** Provided records **
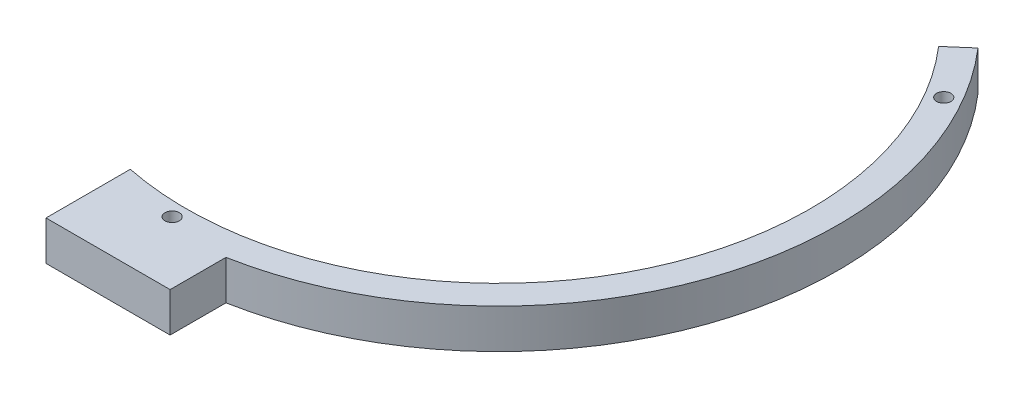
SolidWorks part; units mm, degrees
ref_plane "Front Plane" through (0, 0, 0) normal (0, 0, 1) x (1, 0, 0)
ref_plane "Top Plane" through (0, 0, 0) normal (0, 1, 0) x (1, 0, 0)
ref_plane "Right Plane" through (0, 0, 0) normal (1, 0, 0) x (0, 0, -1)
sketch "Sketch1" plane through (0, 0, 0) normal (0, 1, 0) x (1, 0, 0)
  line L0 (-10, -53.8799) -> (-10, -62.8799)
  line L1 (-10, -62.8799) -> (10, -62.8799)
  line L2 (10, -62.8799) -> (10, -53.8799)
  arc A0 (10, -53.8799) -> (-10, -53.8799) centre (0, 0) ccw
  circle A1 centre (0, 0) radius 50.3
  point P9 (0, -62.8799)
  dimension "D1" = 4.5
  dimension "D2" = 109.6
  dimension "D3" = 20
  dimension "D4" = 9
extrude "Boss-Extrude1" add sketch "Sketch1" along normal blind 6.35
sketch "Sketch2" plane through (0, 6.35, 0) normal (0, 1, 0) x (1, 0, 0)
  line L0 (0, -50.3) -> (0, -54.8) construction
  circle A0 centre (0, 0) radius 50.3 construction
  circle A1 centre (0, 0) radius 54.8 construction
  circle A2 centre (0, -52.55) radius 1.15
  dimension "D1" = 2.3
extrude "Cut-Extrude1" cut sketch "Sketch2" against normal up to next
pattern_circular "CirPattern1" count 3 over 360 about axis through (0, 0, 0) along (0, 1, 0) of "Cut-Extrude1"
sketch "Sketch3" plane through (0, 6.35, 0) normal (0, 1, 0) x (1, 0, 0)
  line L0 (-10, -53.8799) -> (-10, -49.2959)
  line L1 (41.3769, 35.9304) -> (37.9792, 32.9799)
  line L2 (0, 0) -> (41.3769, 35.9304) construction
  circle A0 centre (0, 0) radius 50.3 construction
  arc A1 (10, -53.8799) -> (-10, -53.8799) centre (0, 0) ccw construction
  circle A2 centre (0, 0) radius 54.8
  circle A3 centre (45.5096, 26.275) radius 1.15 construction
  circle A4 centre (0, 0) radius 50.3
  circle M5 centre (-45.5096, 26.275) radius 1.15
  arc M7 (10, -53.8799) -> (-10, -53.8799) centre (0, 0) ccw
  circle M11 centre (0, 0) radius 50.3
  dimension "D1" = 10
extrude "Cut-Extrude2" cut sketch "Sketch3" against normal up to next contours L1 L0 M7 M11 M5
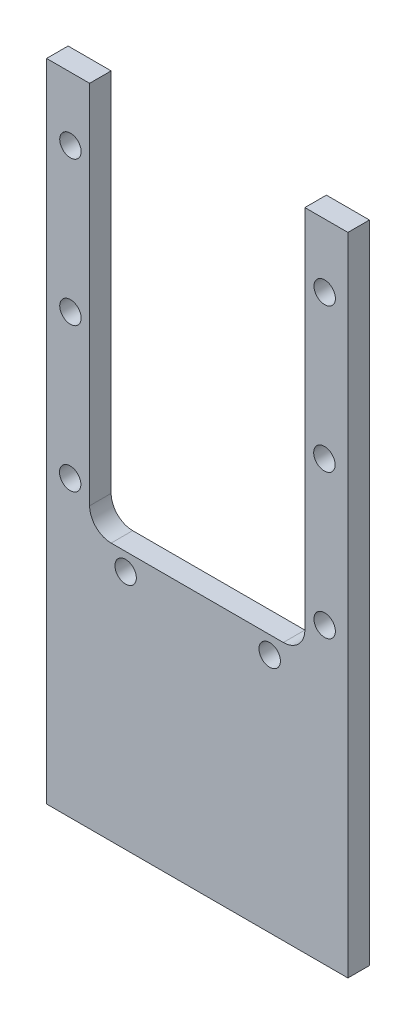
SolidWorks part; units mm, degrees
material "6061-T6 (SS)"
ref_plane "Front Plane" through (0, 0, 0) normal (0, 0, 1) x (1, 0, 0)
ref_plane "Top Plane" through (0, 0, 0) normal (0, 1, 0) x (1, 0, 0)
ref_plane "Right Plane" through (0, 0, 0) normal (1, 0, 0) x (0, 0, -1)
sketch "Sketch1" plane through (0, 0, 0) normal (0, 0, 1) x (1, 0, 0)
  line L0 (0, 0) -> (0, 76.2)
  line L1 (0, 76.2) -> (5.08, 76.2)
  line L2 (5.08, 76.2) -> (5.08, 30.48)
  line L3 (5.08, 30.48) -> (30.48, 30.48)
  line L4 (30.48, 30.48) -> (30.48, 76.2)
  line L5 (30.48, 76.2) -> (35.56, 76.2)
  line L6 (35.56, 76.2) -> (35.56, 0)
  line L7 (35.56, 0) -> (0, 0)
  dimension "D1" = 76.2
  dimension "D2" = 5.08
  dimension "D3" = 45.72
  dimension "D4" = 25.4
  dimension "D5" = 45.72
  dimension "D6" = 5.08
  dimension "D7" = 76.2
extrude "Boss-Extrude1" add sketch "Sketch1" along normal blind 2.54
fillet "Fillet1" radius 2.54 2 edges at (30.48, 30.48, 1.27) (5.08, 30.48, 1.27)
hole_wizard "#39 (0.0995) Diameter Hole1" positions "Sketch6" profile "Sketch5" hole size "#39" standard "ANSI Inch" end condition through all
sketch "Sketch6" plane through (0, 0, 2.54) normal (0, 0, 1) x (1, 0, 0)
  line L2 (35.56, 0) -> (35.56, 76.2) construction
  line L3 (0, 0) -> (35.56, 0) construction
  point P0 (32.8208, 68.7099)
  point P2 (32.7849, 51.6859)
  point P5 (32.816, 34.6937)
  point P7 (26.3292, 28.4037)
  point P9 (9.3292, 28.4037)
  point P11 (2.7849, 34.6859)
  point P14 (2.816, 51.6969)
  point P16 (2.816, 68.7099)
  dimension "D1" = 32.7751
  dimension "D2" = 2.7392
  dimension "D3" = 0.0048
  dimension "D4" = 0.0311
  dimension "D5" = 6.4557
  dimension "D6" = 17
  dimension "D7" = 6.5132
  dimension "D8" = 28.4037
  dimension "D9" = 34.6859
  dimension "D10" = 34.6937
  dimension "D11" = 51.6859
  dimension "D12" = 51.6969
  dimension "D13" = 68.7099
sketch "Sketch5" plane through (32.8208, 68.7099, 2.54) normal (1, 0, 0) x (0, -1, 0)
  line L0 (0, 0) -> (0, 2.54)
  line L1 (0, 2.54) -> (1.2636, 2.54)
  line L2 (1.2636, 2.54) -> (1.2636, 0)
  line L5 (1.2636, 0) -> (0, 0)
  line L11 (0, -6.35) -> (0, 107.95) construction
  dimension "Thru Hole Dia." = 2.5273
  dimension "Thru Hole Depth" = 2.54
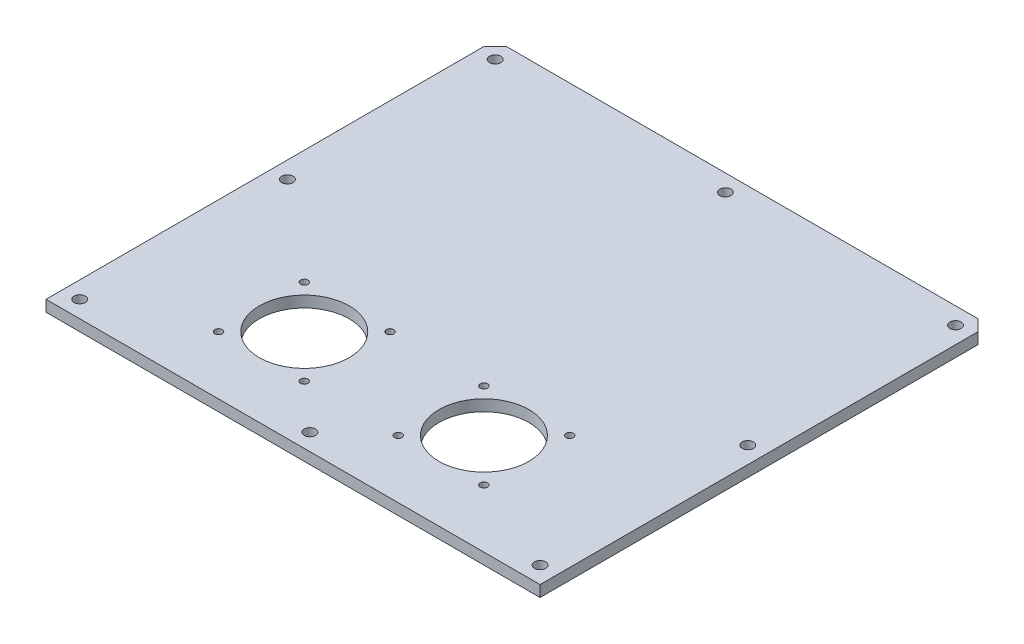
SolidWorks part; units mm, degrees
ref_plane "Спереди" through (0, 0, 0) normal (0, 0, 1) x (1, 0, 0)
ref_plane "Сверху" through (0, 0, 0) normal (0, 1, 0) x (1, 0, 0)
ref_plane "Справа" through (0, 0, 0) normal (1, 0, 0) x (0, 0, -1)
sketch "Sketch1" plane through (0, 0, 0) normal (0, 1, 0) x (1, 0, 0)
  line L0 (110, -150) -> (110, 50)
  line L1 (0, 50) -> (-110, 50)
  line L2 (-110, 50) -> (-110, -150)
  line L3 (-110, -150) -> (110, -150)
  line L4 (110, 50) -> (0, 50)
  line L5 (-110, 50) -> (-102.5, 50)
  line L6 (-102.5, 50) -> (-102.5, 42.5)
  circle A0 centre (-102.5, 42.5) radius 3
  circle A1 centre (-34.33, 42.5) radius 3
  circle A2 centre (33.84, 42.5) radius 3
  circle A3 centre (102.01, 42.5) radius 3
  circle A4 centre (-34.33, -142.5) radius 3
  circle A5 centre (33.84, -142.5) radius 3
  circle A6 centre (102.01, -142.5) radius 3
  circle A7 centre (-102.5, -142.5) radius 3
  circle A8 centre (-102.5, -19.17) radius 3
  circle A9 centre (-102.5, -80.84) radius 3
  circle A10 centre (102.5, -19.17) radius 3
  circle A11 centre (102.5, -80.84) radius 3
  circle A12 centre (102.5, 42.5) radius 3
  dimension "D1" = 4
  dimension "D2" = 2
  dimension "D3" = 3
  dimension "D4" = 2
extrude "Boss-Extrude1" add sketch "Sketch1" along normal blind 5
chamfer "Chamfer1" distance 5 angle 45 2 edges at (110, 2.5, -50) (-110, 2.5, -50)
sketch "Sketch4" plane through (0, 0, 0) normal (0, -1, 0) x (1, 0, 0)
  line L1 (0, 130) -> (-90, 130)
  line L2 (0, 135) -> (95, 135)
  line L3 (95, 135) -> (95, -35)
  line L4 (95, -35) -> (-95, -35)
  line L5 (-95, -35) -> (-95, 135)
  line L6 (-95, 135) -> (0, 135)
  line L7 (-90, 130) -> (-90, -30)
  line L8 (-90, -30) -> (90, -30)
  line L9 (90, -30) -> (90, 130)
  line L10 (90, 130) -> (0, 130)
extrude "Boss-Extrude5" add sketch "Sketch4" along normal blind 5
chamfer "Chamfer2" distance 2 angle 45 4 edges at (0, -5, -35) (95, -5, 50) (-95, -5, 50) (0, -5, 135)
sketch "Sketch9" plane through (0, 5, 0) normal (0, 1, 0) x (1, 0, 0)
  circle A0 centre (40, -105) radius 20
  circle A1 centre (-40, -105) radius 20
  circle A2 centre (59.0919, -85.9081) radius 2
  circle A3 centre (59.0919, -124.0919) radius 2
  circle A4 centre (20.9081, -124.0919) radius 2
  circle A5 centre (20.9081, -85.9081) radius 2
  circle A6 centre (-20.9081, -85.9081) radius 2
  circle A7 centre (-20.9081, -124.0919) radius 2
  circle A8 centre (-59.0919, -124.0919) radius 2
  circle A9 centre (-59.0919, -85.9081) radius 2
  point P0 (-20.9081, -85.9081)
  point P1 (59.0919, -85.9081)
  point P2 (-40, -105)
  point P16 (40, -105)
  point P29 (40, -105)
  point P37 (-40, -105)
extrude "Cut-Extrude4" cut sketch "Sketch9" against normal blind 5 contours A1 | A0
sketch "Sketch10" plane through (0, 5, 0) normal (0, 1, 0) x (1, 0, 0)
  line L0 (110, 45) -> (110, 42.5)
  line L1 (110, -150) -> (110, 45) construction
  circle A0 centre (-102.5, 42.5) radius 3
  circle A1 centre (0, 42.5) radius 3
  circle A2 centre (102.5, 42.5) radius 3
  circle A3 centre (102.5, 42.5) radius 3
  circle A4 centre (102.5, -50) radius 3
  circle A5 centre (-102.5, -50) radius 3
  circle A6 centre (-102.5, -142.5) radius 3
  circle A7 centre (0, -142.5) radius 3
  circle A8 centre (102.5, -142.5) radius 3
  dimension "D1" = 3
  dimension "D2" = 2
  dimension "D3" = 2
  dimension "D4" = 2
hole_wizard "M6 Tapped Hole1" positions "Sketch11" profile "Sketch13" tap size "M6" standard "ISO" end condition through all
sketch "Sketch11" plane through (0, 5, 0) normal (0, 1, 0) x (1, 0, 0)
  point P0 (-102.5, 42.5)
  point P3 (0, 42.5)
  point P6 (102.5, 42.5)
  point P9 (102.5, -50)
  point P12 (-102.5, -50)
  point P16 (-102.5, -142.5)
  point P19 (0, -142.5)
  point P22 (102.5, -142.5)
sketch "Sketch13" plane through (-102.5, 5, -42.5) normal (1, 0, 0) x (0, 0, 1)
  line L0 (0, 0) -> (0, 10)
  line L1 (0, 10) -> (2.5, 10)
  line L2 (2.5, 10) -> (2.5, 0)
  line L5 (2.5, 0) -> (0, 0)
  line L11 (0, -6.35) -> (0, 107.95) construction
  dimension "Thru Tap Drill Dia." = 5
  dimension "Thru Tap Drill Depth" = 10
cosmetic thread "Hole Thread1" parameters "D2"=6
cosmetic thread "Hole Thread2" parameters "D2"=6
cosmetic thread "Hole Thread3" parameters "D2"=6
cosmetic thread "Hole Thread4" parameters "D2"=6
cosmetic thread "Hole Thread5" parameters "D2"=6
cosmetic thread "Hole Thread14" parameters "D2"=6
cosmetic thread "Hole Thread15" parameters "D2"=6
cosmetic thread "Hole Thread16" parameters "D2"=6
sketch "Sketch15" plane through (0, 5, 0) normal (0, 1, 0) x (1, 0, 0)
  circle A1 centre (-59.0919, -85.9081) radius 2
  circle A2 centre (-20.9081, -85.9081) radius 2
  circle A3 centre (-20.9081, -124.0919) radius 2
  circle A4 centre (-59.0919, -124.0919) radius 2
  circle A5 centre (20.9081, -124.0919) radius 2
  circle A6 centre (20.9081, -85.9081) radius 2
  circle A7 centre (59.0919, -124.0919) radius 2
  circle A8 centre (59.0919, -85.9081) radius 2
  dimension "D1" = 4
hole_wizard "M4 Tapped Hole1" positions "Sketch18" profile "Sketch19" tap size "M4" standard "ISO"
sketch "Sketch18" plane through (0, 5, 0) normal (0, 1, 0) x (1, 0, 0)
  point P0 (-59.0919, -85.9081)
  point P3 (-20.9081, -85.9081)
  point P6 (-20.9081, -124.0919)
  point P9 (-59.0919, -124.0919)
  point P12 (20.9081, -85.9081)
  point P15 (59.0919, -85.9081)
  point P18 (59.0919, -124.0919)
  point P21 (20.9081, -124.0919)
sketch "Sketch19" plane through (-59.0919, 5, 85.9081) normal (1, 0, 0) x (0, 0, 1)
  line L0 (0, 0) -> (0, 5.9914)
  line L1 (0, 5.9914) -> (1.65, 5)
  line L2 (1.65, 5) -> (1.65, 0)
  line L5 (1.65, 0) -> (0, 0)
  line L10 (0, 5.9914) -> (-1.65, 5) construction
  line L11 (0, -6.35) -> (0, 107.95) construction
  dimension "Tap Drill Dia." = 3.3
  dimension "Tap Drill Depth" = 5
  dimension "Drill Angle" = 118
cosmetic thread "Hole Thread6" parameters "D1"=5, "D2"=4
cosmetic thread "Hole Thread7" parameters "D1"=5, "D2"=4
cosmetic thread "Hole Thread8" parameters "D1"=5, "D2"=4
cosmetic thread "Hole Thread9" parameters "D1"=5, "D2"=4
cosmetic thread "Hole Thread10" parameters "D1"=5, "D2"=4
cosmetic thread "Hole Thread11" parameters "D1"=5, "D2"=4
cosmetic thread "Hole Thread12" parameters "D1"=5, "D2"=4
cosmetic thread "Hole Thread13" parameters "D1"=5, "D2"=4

** What to produce **
The answer should contain only the lines from the beginning of the material above through the line with "line L0 (0, -50.3)", retyped exactly, with the pictures removed.

** Response to this task **
SolidWorks part; units mm, degrees
ref_plane "Front Plane" through (0, 0, 0) normal (0, 0, 1) x (1, 0, 0)
ref_plane "Top Plane" through (0, 0, 0) normal (0, 1, 0) x (1, 0, 0)
ref_plane "Right Plane" through (0, 0, 0) normal (1, 0, 0) x (0, 0, -1)
sketch "Sketch1" plane through (0, 0, 0) normal (0, 1, 0) x (1, 0, 0)
  line L0 (-10, -53.8799) -> (-10, -62.8799)
  line L1 (-10, -62.8799) -> (10, -62.8799)
  line L2 (10, -62.8799) -> (10, -53.8799)
  arc A0 (10, -53.8799) -> (-10, -53.8799) centre (0, 0) ccw
  circle A1 centre (0, 0) radius 50.3
  point P9 (0, -62.8799)
  dimension "D1" = 4.5
  dimension "D2" = 109.6
  dimension "D3" = 20
  dimension "D4" = 9
extrude "Boss-Extrude1" add sketch "Sketch1" along normal blind 6.35
sketch "Sketch2" plane through (0, 6.35, 0) normal (0, 1, 0) x (1, 0, 0)
  line L0 (0, -50.3) -> (0, -54.8) construction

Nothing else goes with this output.